**EXERCISE MATERIAL:**

*****

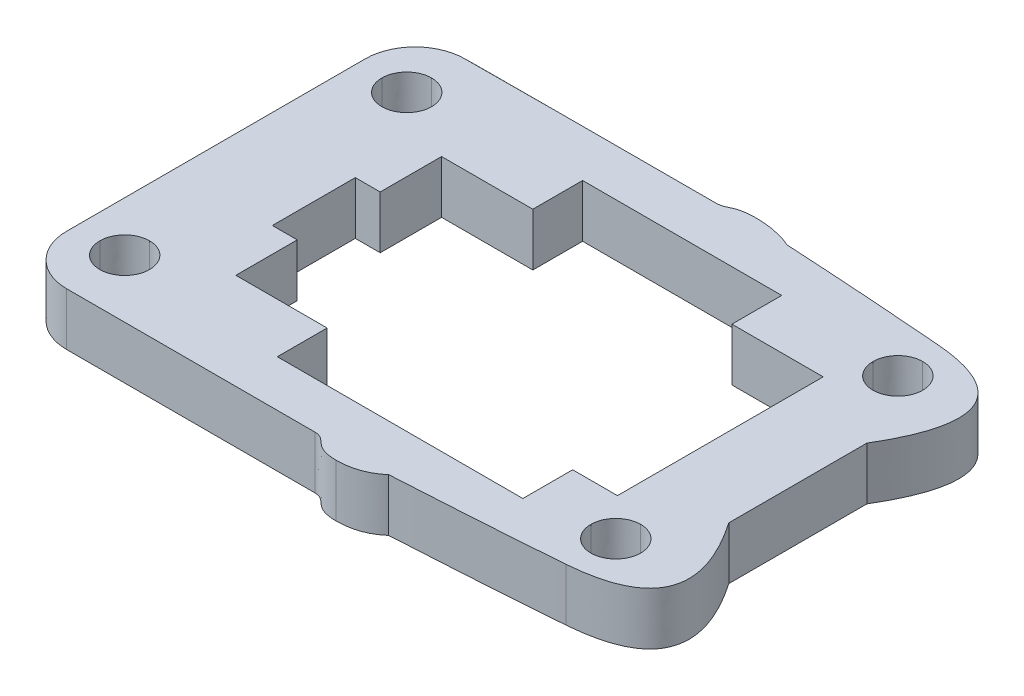
from build123d import *

# Parameters (mm, degrees)
BOSS_EXTRUDE1_DEPTH = 3.175


with BuildPart() as part:
    # Sketch1 → Boss-Extrude1 (new body)
    with BuildSketch(Plane(origin=(0, 0, 0), x_dir=(1, 0, 0), z_dir=(0, 1, 0))):
        with BuildLine():
            Line((111.509960584, 9.630537226), (111.509960584, 27.630337226))
            add(Edge.make_bspline(
                [(111.509960584, 27.630337226), (111.509960584, 28.425937226), (111.826160584, 29.189037226), (112.388760584, 29.751637226)],
                knots=[0.058823529, 0.058823529, 0.058823529, 0.058823529, 0.117647059, 0.117647059, 0.117647059, 0.117647059], degree=3))
            add(Edge.make_bspline(
                [(112.388760584, 29.751637226), (112.951360584, 30.314237226), (113.714360584, 30.630337226), (114.509960584, 30.630337226)],
                knots=[0.117647059, 0.117647059, 0.117647059, 0.117647059, 0.176470588, 0.176470588, 0.176470588, 0.176470588], degree=3))
            add(Edge.make_bspline(
                [(114.509960584, 30.630337226), (114.497160584, 30.650837226), (123.834160584, 30.675137226), (129.557760584, 30.665837226)],
                knots=[0.176470588, 0.176470588, 0.176470588, 0.176470588, 0.235294118, 0.235294118, 0.235294118, 0.235294118], degree=3))
            add(Edge.make_bspline(
                [(129.557760584, 30.665837226), (130.304960584, 30.664637226), (130.243960584, 31.102237226), (131.588760584, 31.102237226)],
                knots=[0.235294118, 0.235294118, 0.235294118, 0.235294118, 0.294117647, 0.294117647, 0.294117647, 0.294117647], degree=3))
            add(Edge.make_bspline(
                [(131.588760584, 31.102237226), (133.000560584, 31.102237226), (133.900960584, 30.644837226), (133.909960584, 30.630337226)],
                knots=[0.294117647, 0.294117647, 0.294117647, 0.294117647, 0.352941176, 0.352941176, 0.352941176, 0.352941176], degree=3))
            add(Edge.make_bspline(
                [(133.909960584, 30.630337226), (138.951860584, 30.347537226), (143.675260584, 29.965237226)],
                knots=[0.352941176, 0.352941176, 0.352941176, 0.411764706, 0.411764706, 0.411764706], degree=2))
            add(Edge.make_bspline(
                [(143.675260584, 29.965237226), (150.711460584, 29.395637226), (146.684560584, 22.686437226)],
                knots=[0.411764706, 0.411764706, 0.411764706, 0.470588235, 0.470588235, 0.470588235], degree=2))
            Line((146.684560584, 22.686437226), (146.684560584, 14.367137226))
            add(Edge.make_bspline(
                [(146.684560584, 14.367137226), (151.159460584, 7.865237226), (143.935660584, 7.295637226)],
                knots=[0.529411765, 0.529411765, 0.529411765, 0.588235294, 0.588235294, 0.588235294], degree=2))
            add(Edge.make_bspline(
                [(143.935660584, 7.295637226), (139.086260584, 6.913337226), (133.909960584, 6.630537226)],
                knots=[0.588235294, 0.588235294, 0.588235294, 0.647058824, 0.647058824, 0.647058824], degree=2))
            add(Edge.make_bspline(
                [(133.909960584, 6.630537226), (132.982260584, 5.801937226), (131.588760584, 5.801937226)],
                knots=[0.647058824, 0.647058824, 0.647058824, 0.705882353, 0.705882353, 0.705882353], degree=2))
            add(Edge.make_bspline(
                [(131.588760584, 5.801937226), (130.078160584, 5.801937226), (130.269860584, 6.630537226), (129.469560584, 6.630537226)],
                knots=[0.705882353, 0.705882353, 0.705882353, 0.705882353, 0.764705882, 0.764705882, 0.764705882, 0.764705882], degree=3))
            add(Edge.make_bspline(
                [(129.469560584, 6.630537226), (123.742760584, 6.630537226), (114.509960584, 6.630537226)],
                knots=[0.764705882, 0.764705882, 0.764705882, 0.823529412, 0.823529412, 0.823529412], degree=2))
            add(Edge.make_bspline(
                [(114.509960584, 6.630537226), (113.714360584, 6.630537226), (112.951360584, 6.946537226), (112.388760584, 7.509137226)],
                knots=[0.823529412, 0.823529412, 0.823529412, 0.823529412, 0.882352941, 0.882352941, 0.882352941, 0.882352941], degree=3))
            add(Edge.make_bspline(
                [(112.388760584, 7.509137226), (111.826160584, 8.071737226), (111.509960584, 8.834837226), (111.509960584, 9.630537226)],
                knots=[0.882352941, 0.882352941, 0.882352941, 0.882352941, 1, 1, 1, 1], degree=3))
        make_face()
        Polygon((117.410060584, 16.130337226), (118.909960584, 16.130337226), (118.909960584, 12.430337226), (124.409960584, 12.430337226), (124.409960584, 9.430537226), (139.209960584, 9.430537226), (139.209960584, 12.430337226), (141.909960584, 12.430337226), (141.909960584, 24.830337226), (136.409960584, 24.830337226), (136.409960584, 27.830337226), (124.409960584, 27.830337226), (124.409960584, 24.830337226), (118.909960584, 24.830337226), (118.909960584, 21.130337226), (117.410060584, 21.130337226), align=None, mode=Mode.SUBTRACT)
        with BuildLine():
            add(Edge.make_bspline(
                [(116.009960584, 27.130337226), (116.009960584, 26.301837226), (115.338460584, 25.630337226), (114.510060584, 25.630337226)],
                knots=[0, 0, 0, 0, 0.2, 0.2, 0.2, 0.2], degree=3))
            add(Edge.make_bspline(
                [(114.510060584, 25.630337226), (113.681560584, 25.630237226), (113.010060584, 26.301837226), (113.010060584, 27.130237226)],
                knots=[0.2, 0.2, 0.2, 0.2, 0.4, 0.4, 0.4, 0.4], degree=3))
            add(Edge.make_bspline(
                [(113.010060584, 27.130237226), (113.009960584, 27.958737226), (113.681560584, 28.630237226), (114.509960584, 28.630337226)],
                knots=[0.4, 0.4, 0.4, 0.4, 0.6, 0.6, 0.6, 0.6], degree=3))
            add(Edge.make_bspline(
                [(114.509960584, 28.630337226), (115.338460584, 28.630337226), (116.009960584, 27.958737226), (116.009960584, 27.130337226)],
                knots=[0.6, 0.6, 0.6, 0.6, 1, 1, 1, 1], degree=3))
        make_face(mode=Mode.SUBTRACT)
        with BuildLine():
            add(Edge.make_bspline(
                [(145.609960584, 10.130537226), (145.609960584, 9.302137226), (144.938360584, 8.630537226), (144.110060584, 8.630537226)],
                knots=[0, 0, 0, 0, 0.2, 0.2, 0.2, 0.2], degree=3))
            add(Edge.make_bspline(
                [(144.110060584, 8.630537226), (143.281660584, 8.630537226), (142.610060584, 9.302137226), (142.610060584, 10.130437226)],
                knots=[0.2, 0.2, 0.2, 0.2, 0.4, 0.4, 0.4, 0.4], degree=3))
            add(Edge.make_bspline(
                [(142.610060584, 10.130437226), (142.610060584, 10.958837226), (143.281660584, 11.630237226), (144.109960584, 11.630237226)],
                knots=[0.4, 0.4, 0.4, 0.4, 0.6, 0.6, 0.6, 0.6], degree=3))
            add(Edge.make_bspline(
                [(144.109960584, 11.630237226), (144.938360584, 11.630237226), (145.609960584, 10.958837226), (145.609960584, 10.130537226)],
                knots=[0.6, 0.6, 0.6, 0.6, 1, 1, 1, 1], degree=3))
        make_face(mode=Mode.SUBTRACT)
        with BuildLine():
            add(Edge.make_bspline(
                [(116.009960584, 10.130537226), (116.009960584, 9.302137226), (115.338360584, 8.630437226), (114.510060584, 8.630437226)],
                knots=[0, 0, 0, 0, 0.2, 0.2, 0.2, 0.2], degree=3))
            add(Edge.make_bspline(
                [(114.510060584, 8.630437226), (113.681660584, 8.630437226), (113.009960584, 9.302137226), (113.009960584, 10.130437226)],
                knots=[0.2, 0.2, 0.2, 0.2, 0.4, 0.4, 0.4, 0.4], degree=3))
            add(Edge.make_bspline(
                [(113.009960584, 10.130437226), (113.009960584, 10.958837226), (113.681660584, 11.630337226), (114.509960584, 11.630337226)],
                knots=[0.4, 0.4, 0.4, 0.4, 0.6, 0.6, 0.6, 0.6], degree=3))
            add(Edge.make_bspline(
                [(114.509960584, 11.630337226), (115.338360584, 11.630337226), (116.009960584, 10.958837226), (116.009960584, 10.130537226)],
                knots=[0.6, 0.6, 0.6, 0.6, 1, 1, 1, 1], degree=3))
        make_face(mode=Mode.SUBTRACT)
        with BuildLine():
            add(Edge.make_bspline(
                [(145.609960584, 27.130337226), (145.609960584, 26.301837226), (144.938460584, 25.630437226), (144.110060584, 25.630437226)],
                knots=[0, 0, 0, 0, 0.2, 0.2, 0.2, 0.2], degree=3))
            add(Edge.make_bspline(
                [(144.110060584, 25.630437226), (143.281560584, 25.630337226), (142.610160584, 26.301837226), (142.610160584, 27.130237226)],
                knots=[0.2, 0.2, 0.2, 0.2, 0.4, 0.4, 0.4, 0.4], degree=3))
            add(Edge.make_bspline(
                [(142.610160584, 27.130237226), (142.610060584, 27.958737226), (143.281560584, 28.630137226), (144.109960584, 28.630237226)],
                knots=[0.4, 0.4, 0.4, 0.4, 0.6, 0.6, 0.6, 0.6], degree=3))
            add(Edge.make_bspline(
                [(144.109960584, 28.630237226), (144.938460584, 28.630237226), (145.609960584, 27.958737226), (145.609960584, 27.130337226)],
                knots=[0.6, 0.6, 0.6, 0.6, 1, 1, 1, 1], degree=3))
        make_face(mode=Mode.SUBTRACT)
    extrude(amount=BOSS_EXTRUDE1_DEPTH)


solid = part.part

*****

**TASK PROMPT:** Go through the records above and, whenever a line includes the word "part", copy it.

**EXERCISE ANSWER:**
with BuildPart() as part:
solid = part.part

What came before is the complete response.